Provided records below:

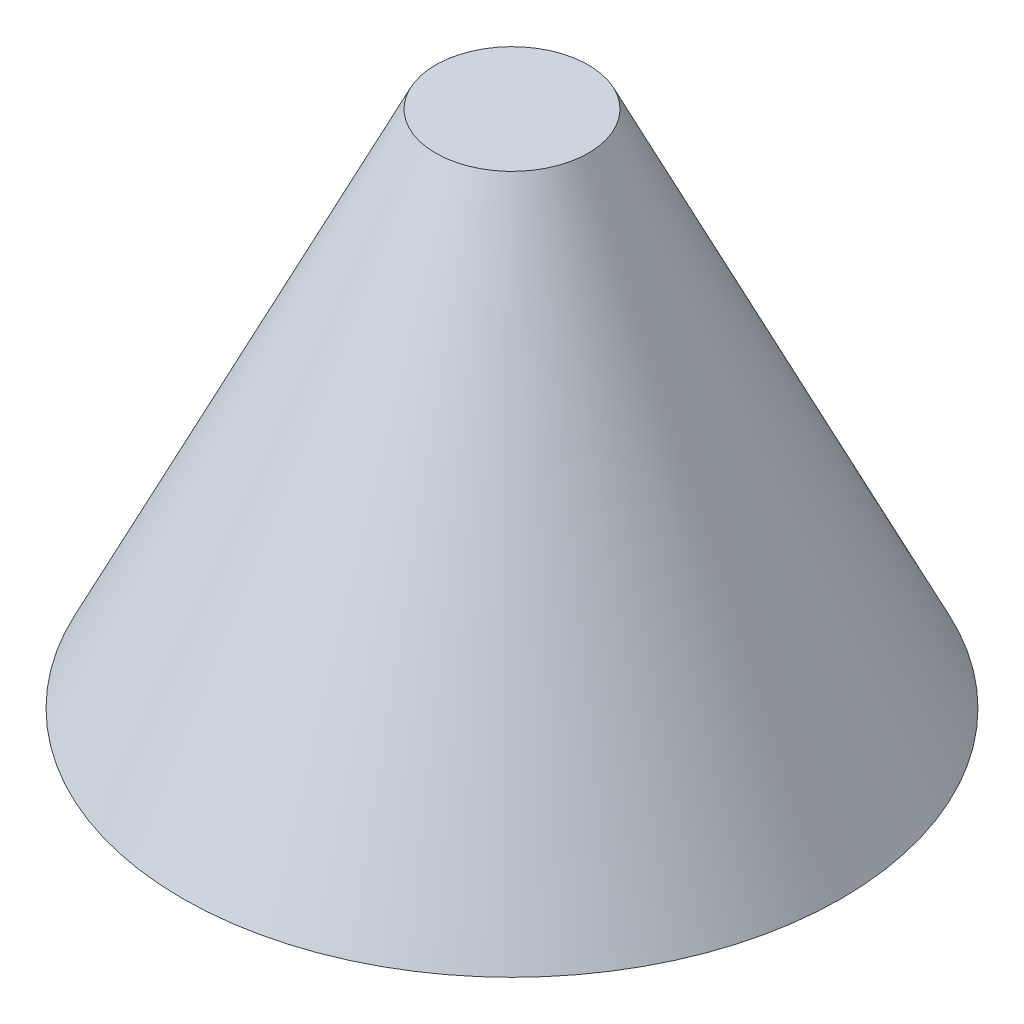
from build123d import *

# Parameters (mm, degrees)
SKETCH1_R           = 50.8
BOSS_EXTRUDE1_DEPTH = 80.01
BOSS_EXTRUDE1_TAPER = 26


with BuildPart() as part:
    # Sketch1 → Boss-Extrude1 (new body)
    with BuildSketch(Plane(origin=(0, 0, 0), x_dir=(1, 0, 0), z_dir=(0, 1, 0))):
        Circle(SKETCH1_R)
    extrude(amount=BOSS_EXTRUDE1_DEPTH, taper=BOSS_EXTRUDE1_TAPER)


solid = part.part

End of Provided records.

:: To do ::
Which lines in the listing above hold the word "with"? Show each of them.

:: Solution for this problem ::
with BuildPart() as part:
    with BuildSketch(Plane(origin=(0, 0, 0), x_dir=(1, 0, 0), z_dir=(0, 1, 0))):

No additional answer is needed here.